*Task requirements*
Report the tally of lines featuring the word "construction" in the entries below, without anything else.

Given entries below:

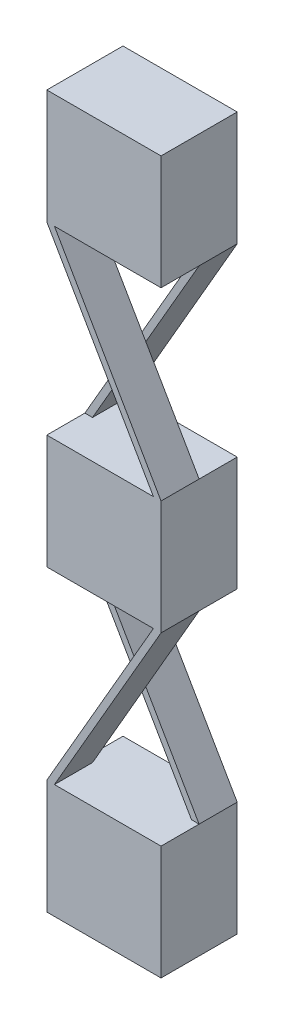
SolidWorks part; units mm, degrees
material "PET"
ref_plane "Front Plane" through (0, 0, 0) normal (0, 0, 1) x (1, 0, 0)
ref_plane "Top Plane" through (0, 0, 0) normal (0, 1, 0) x (1, 0, 0)
ref_plane "Right Plane" through (0, 0, 0) normal (1, 0, 0) x (0, 0, -1)
sketch "Sketch1" plane through (0, 0, 0) normal (0, 0, 1) x (1, 0, 0)
  line L0 (0, 0) -> (57.9688, 0) construction
  line L1 (7.5, 12.1244) -> (-7.5, 12.1244)
  line L2 (7.5, -27.1244) -> (-7.5, -27.1244)
  line L3 (7.5, -27.1244) -> (7.5, -12.1244)
  line L4 (7.5, -12.1244) -> (-7.5, -12.1244)
  line L5 (-7.5, -27.1244) -> (-7.5, -12.1244)
  line L6 (7.5, -27.1244) -> (-7.5, -12.1244) construction
  line L7 (7.5, -12.1244) -> (-7.5, -27.1244) construction
  line L8 (-7.5, 27.1244) -> (-7.5, 12.1244)
  line L9 (0, 0) -> (0, 41.5625) construction
  line L10 (7.5, 27.1244) -> (-7.5, 27.1244)
  line L11 (7.5, 27.1244) -> (7.5, 12.1244)
  line L12 (-7.5, 12.1244) -> (6.5, -12.1244)
  line L13 (6.5, -12.1244) -> (7.5, -12.1244)
  line L14 (7.5, -12.1244) -> (-6.5, 12.1244)
  line L15 (-6.5, 12.1244) -> (-7.5, 12.1244)
  line L16 (7.5, 12.1244) -> (-6.5, -12.1244)
  line L17 (-7.5, -12.1244) -> (6.5, 12.1244)
  point P1 (0, -19.6244)
  dimension "D1" = 15
  dimension "D2" = 60
  dimension "D3" = 1
extrude "Boss-Extrude1" add sketch "Sketch1" along normal mid plane 10 contours L5 L2 L3 L4 region at (0, -19.6244, 0)
extrude "Boss-Extrude2" add sketch "Sketch1<3>" against normal blind 5 from surface contours L17 L4 L16 L12 | L17 L14 L16 L1 | L17 L12 L16 L14 region at (3.6296, 6.276, 0) region at (0, 0, 0) region at (-3.6296, -6.276, 0) starting at face at (0, -19.6244, 5)
sketch "Sketch1<3>" plane through (0, 0, 0) normal (0, 0, 1) x (1, 0, 0) same geometry as "Sketch1"
extrude "Boss-Extrude3" add sketch "Sketch1<4>" along normal blind 5 from surface contours L12 L17 L14 L1 | L14 L16 L12 L4 | L17 L12 L16 L14 region at (0, 0, 0) region at (3.6296, -6.276, 0) region at (-3.6296, 6.276, 0) starting at face at (0, -19.6244, -5)
sketch "Sketch1<4>" plane through (0, 0, 0) normal (0, 0, 1) x (1, 0, 0) same geometry as "Sketch1"
extrude "Boss-Extrude4" add sketch "Sketch1<5>" along normal mid plane 10 contours L11 L10 L8 L1 region at (0, 19.6244, 0)
sketch "Sketch1<5>" plane through (0, 0, 0) normal (0, 0, 1) x (1, 0, 0) same geometry as "Sketch1"
ref_plane "Plane1" through (0, 19.6244, 0) normal (0, -1, 0) x (-1, 0, 0)
mirror "Mirror2" about plane through (0, 19.6244, 0) normal (0, -1, 0) of "Boss-Extrude2", "Boss-Extrude3"
mirror "Mirror3" about plane through (0, 19.6244, 0) normal (0, -1, 0) of "Boss-Extrude1"
equation "\"a\"= 5"
equation "\"D1@Boss-Extrude2\"=\"a\""
equation "\"D1@Boss-Extrude3\"= \"a\""

End of Given entries.

*Response*
4